The new software must be 100% graphic, interactive, intuitive, 3D, easy to use by non-specialists. How should we name it? After some thought and discussion with my team, I decide for CATI, an acronym which is valid in French as well as in English, which means Computer Aided Tri-dimensional Interactive application. A few years later, when we decide to market it, we discover that CATI is already a trademark, so I am adding A to call it CATIA, for Computer Aided Tri-dimensional Interactive Application.
I therefore launch the development of CATIA in 1977, with only four software engineers…And the success of the first releases of CATIA is impressive. In 1980, everybody knows CATIA in Dassault Aviation. It is like a miracle for many people: you can design within a few minutes a curve, a surface, a structural component, rotate it, and cut it, in 3D. You can position the cutting tool of the numerical control machine, define its path along the part, and simulate graphically in 3D the machining process. You see the reality; you don’t need to figure it trying to interpret a drawing. Nobody in the world had expected such kind of capability which is nowadays a commodity even at home.

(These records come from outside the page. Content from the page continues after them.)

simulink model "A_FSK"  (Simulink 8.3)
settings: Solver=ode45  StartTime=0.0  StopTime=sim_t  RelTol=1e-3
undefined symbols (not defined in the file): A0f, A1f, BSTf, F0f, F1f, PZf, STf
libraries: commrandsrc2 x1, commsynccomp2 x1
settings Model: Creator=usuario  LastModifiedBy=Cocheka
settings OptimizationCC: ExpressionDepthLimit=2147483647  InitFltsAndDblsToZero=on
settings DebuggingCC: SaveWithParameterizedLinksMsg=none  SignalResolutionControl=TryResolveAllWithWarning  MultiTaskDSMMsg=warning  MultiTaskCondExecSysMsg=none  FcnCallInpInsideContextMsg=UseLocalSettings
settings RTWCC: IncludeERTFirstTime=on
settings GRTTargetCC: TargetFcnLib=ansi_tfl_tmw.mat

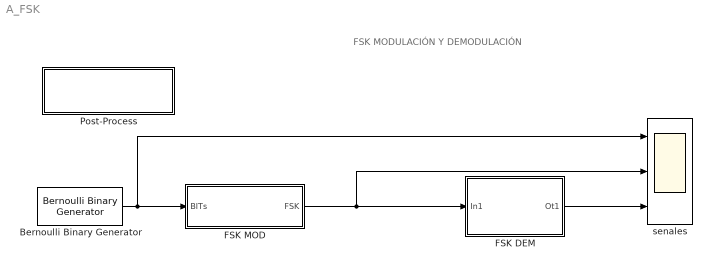
== system A_FSK ==
  note: FSK MODULACIÓN Y DEMODULACIÓN
  Bernoulli Binary Generator : commrandsrc2/Bernoulli Binary Generator  P=PZf  seed=61  Ts=BSTf  frameBased=off  sampPerFrame=1  orient=off  outDataType=double
  FSK DEM : Subsystem
  FSK MOD : Subsystem
  Post-Process : Subsystem  mask{sim_t=50, BSTf=5, F1f=6000, A1f=1, F0f=12000, A0f=1}
      mask prompts: sim_t "Sim Time [100]"; BSTf "Source Sample Time"; F1f "Freq. Sine 1 [8K]"; A1f "Amp. Sine 1 [1]"; F0f "Freq. Sine 0 [12K]"; A0f "Amp. Sine 0 [1]"
      mask init:
      | %sim_t = 100; %simulation time
      | %BSTf = 5; % source sample time
      | PZf = .3; % probability of zero
      | 
      | %STf = 1/100; % sample time
      | %A1f = 1; % amplitude sine 1 - mod.
      | %A2f = 1; % amplitude sine 2 - mod.
      | %F1f = 2*pi*8; % Freg Sine 1
      | %F2f = 2*pi*12; % Freg Sine 2
      | 
      | switch sim_t
      |     case 1
      |         sim_t = 25;
      |     case 2
      |         sim_t = 50;
      |     case 3
      |         sim_t = 100;
      |     case 4
      |         sim_t = 150;   
      | end
      | 
      | % Sample Time Source Configure
      | switch BSTf
      |     case 1
      |         BSTf = 3;
      |     case 2
      |         BSTf = 5;
      |     case 3
      |         BSTf = 8;
      |     case 4
      |         BSTf = 10;
      |     case 5
      |         BSTf = 12;        
      | end
      | 
      | switch F1f
      |     case 1
      |         F1f = 6000;
      |     case 2
      |         F1f = 8000;
      |     case 3
      |         F1f = 10000;
      |     case 4
      |         F1f = 16000;
      | end
      | 
      | switch F0f
      |     case 1
      |         F0f = 8000;
      |     case 2    
      |         F0f = 10000;
      |     case 3        
      |         F0f = 12000;
      |     case 4
      |         F0f = 16000;
      | end
      | 
      | STf=(1/BSTf*5/100);
      | F1f=2*pi*F1f/1000;
      | F0f=2*pi*F0f/1000;
      | 
      | assignin('base','sim_t', sim_t );
      | assignin('base','BSTf', BSTf );
      | assignin('base','PZf', PZf );
      | assignin('base','STf', STf );
      | assignin('base','A1f', A1f );
      | assignin('base','A0f', A0f );
      | assignin('base','F1f', F1f );
      | assignin('base','F0f', F0f );
      mask TypeOptions sim_t: 25 | 50 | 100 | 250
      mask TypeOptions BSTf: 3 | 5 | 8 | 10 | 12
      mask TypeOptions F1f: 6000 | 8000 | 10000 | 16000
      mask TypeOptions F0f: 8000 | 10000 | 12000 | 16000
      mask Display: disp('Sim Parameters')
  senales : Scope  NumInputPorts=3
      settings: YMin=-0.5~-2~-0.5  YMax=1.5~2~1.5
  wires:
  Bernoulli Binary Generator/1 -> FSK MOD/1(BITs), senales/1
  FSK MOD/1(FSK) -> FSK DEM/1(In1), senales/2
  FSK DEM/1(Ot1) -> senales/3

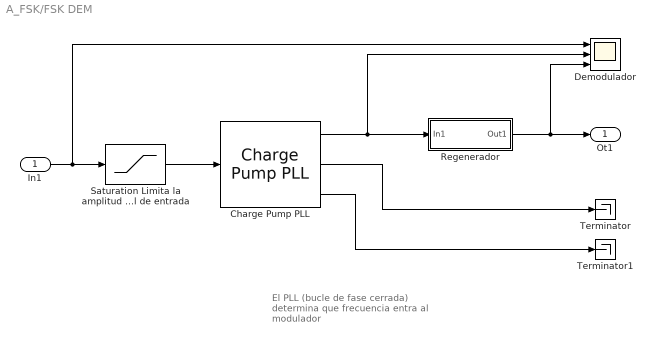
== system A_FSK/FSK DEM ==
  note: El PLL (bucle de fase cerrada)
      | determina que frecuencia
      | entra al modulador
  In1 : Inport
  Charge Pump PLL : commsynccomp2/Charge Pump PLL  Fn=[2*pi*1]  Fd="[1   2*pi*1]"  Kvco=4  Fc=10  Ph=0  Ac=1
  Demodulador : Scope  NumInputPorts=3
      settings: YMin=-2~-1~-0.5  YMax=2~1~1.5  SaveName=ScopeData2
  Regenerador : Subsystem
  Saturation Limita la amplitud de la señal de entrada : Saturate
  Terminator : Terminator
  Terminator1 : Terminator
  Ot1 : Outport
  wires:
  Saturation Limita la amplitud de la señal de entrada/1 -> Charge Pump PLL/1
  Charge Pump PLL/2 -> Terminator/1
  Charge Pump PLL/3 -> Terminator1/1
  Charge Pump PLL/1 -> Demodulador/2, Regenerador/1(In1)
  Regenerador/1(Out1) -> Demodulador/3, Ot1/1
  In1/1 -> Demodulador/1, Saturation Limita la amplitud de la señal de entrada/1

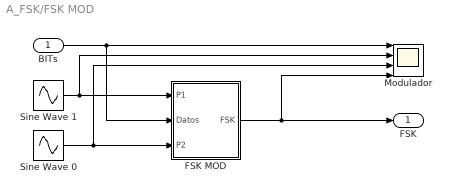
== system A_FSK/FSK MOD ==
  BITs : Inport
  FSK MOD : Subsystem
  Modulador : Scope  NumInputPorts=4
      settings: YMin=-0.5~-3~-3~-3  YMax=1.5~3~3~3
  Sine Wave 0 : Sin  Amplitude=A0f  Frequency=F0f  Samples=25  SampleTime=STf
  Sine Wave 1 : Sin  Amplitude=A1f  Frequency=F1f  Samples=50  SampleTime=STf
  FSK : Outport
  wires:
  BITs/1 -> Modulador/1, FSK MOD/2(Datos)
  FSK MOD/1(FSK) -> Modulador/4, FSK/1
  Sine Wave 1/1 -> Modulador/2, FSK MOD/1(P1)
  Sine Wave 0/1 -> Modulador/3, FSK MOD/3(P2)

== system A_FSK/Post-Process ==

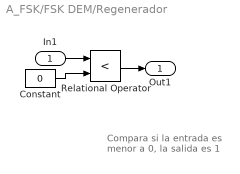
== system A_FSK/FSK DEM/Regenerador ==
  note: Compara si la entrada
      | es menor a 0, la salida es 1
  In1 : Inport
  Constant : Constant  Value=0
  Relational Operator : RelationalOperator  Operator=<  OutDataTypeStr=boolean
  Out1 : Outport
  wires:
  Relational Operator/1 -> Out1/1
  In1/1 -> Relational Operator/1
  Constant/1 -> Relational Operator/2

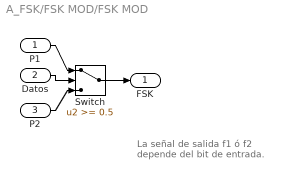
== system A_FSK/FSK MOD/FSK MOD ==
  note: La señal de salida f1 ó f2
      | depende del bit de entrada.
  P1 : Inport
  Datos : Inport  Port=2
  P2 : Inport  Port=3
  Switch : Switch  Threshold=0.5
  FSK : Outport
  wires:
  P1/1 -> Switch/1
  Datos/1 -> Switch/2
  Switch/1 -> FSK/1
  P2/1 -> Switch/3
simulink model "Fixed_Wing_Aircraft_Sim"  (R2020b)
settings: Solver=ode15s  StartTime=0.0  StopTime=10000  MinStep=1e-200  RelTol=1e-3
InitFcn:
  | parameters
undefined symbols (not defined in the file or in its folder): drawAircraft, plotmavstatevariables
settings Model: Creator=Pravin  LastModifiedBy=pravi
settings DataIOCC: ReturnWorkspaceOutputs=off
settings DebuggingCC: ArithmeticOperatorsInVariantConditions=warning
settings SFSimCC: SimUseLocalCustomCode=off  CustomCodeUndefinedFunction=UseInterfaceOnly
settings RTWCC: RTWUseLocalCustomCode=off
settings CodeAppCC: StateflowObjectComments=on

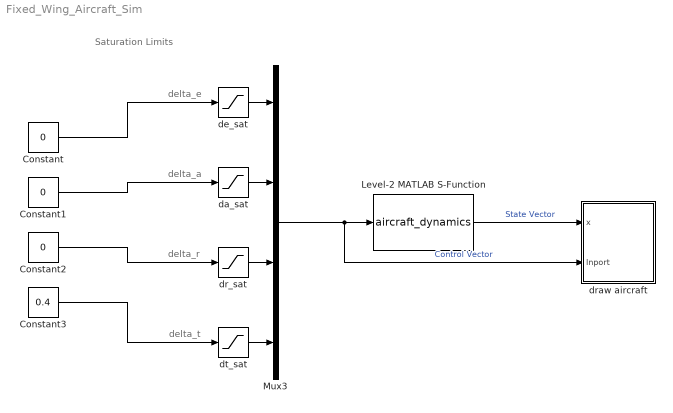
== system Fixed_Wing_Aircraft_Sim ==
  note: Saturation Limits
  note: delta_t
  note: delta_a
  note: delta_r
  note: delta_e
  Constant : Constant  Value=0
  Constant1 : Constant  Value=0
  Constant2 : Constant  Value=0
  Constant3 : Constant  Value=0.4
  Level-2 MATLAB S-Function : M-S-Function  FunctionName=aircraft_dynamics  Parameters=P
  Mux3 : Mux
  da_sat : Saturate  UpperLimit=50  LowerLimit=-50
  de_sat : Saturate  UpperLimit=50  LowerLimit=-50
  dr_sat : Saturate  UpperLimit=50  LowerLimit=-50
  draw aircraft : Subsystem
  dt_sat : Saturate  UpperLimit=1  LowerLimit=0
  wires:
  Level-2 MATLAB S-Function/1 -> draw aircraft/1(x)  "State Vector"
  Mux3/1 -> draw aircraft/2(Inport), Level-2 MATLAB S-Function/1  "Control Vector"
  dt_sat/1 -> Mux3/4
  de_sat/1 -> Mux3/1
  Constant3/1 -> dt_sat/1
  Constant2/1 -> dr_sat/1
  Constant1/1 -> da_sat/1
  da_sat/1 -> Mux3/2
  dr_sat/1 -> Mux3/3
  Constant/1 -> de_sat/1

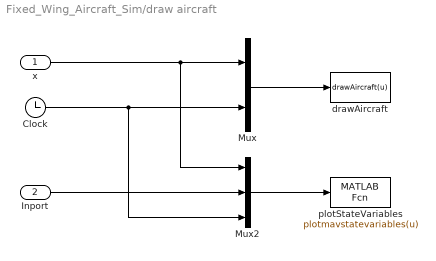
== system Fixed_Wing_Aircraft_Sim/draw aircraft ==
  x : Inport
  Inport : Inport  Port=2
  Clock : Clock
  Mux : Mux  Inputs=2
  Mux2 : Mux  Inputs=3
  drawAircraft : MATLABFcn  MATLABFcn=drawAircraft(u)  OutputDimensions=0  SampleTime=0.1
  plotStateVariables : MATLABFcn  MATLABFcn=plotmavstatevariables(u)  OutputDimensions=0  SampleTime=0.1
  wires:
  Clock/1 -> Mux2/3, Mux/2
  x/1 -> Mux2/1, Mux/1
  Mux/1 -> drawAircraft/1
  Mux2/1 -> plotStateVariables/1
  Inport/1 -> Mux2/2

How could I imagine that CATIA would become a global standard implemented by the aircraft manufacturers, then by all the industries? For me, for my team, CATIA was in 1980 only one of the hundreds new software used by Dassault.
I believe that any major innovation is, in a technological and cultural favorable context, the response to a need that is rarely expressed or even perceived by future users. You need to match the understanding of the pains supported by the users, together with the capabilities offered by new technologies, to figure out the products for tomorrow. My team was in the best position to catch the challenge because we had an understanding on both. Indeed, before CATIA became the tool of the Design Office, we had to overcome the reluctance of all the design engineers, from the top to the bottom of the hierarchy, who believed that the 2D drawing could never be replaced. They were already starting to use the computer to replace the drawing board by a graphic interactive terminal, with a software product called CADAM, developed by Lockheed Aircraft in USA. It gave some limited productivity benefits, compared with the drawing board. But with CATIA, we implemented a complete business transformation, allowing the full integration of Design, Analysis and Simulation, Manufacturing, based on a single database. It has been a dramatic cultural transformation on the way to design and build an airplane, with a huge improvement on cost, cycle time and quality.
At the end of 1980, the CATIA rumor goes to the very top of the company and Marcel Dassault, the 88 years old mythic founder of the company, ask for a demonstration of the software capabilities. He looks at the design of a surface on the terminal and, after a few minutes, he tells me: “Let me work by myself”. A picture immortalizes this moment: we see the great old engineer Marcel Dassault, Dominique Calmels, my technical manager, and myself on the right. Marcel Dassault understands immediately the value of our software.
Marcel Dassault, Dominique Calmels, Francis Bernard
CATIA becomes so visible and promising that the management of the company starts to debate on how to leverage such innovation. Do we keep the product internally, taking advantage of its benefits against the competition, or do we decide to make it a new business of the Dassault Group and sell it outside the company?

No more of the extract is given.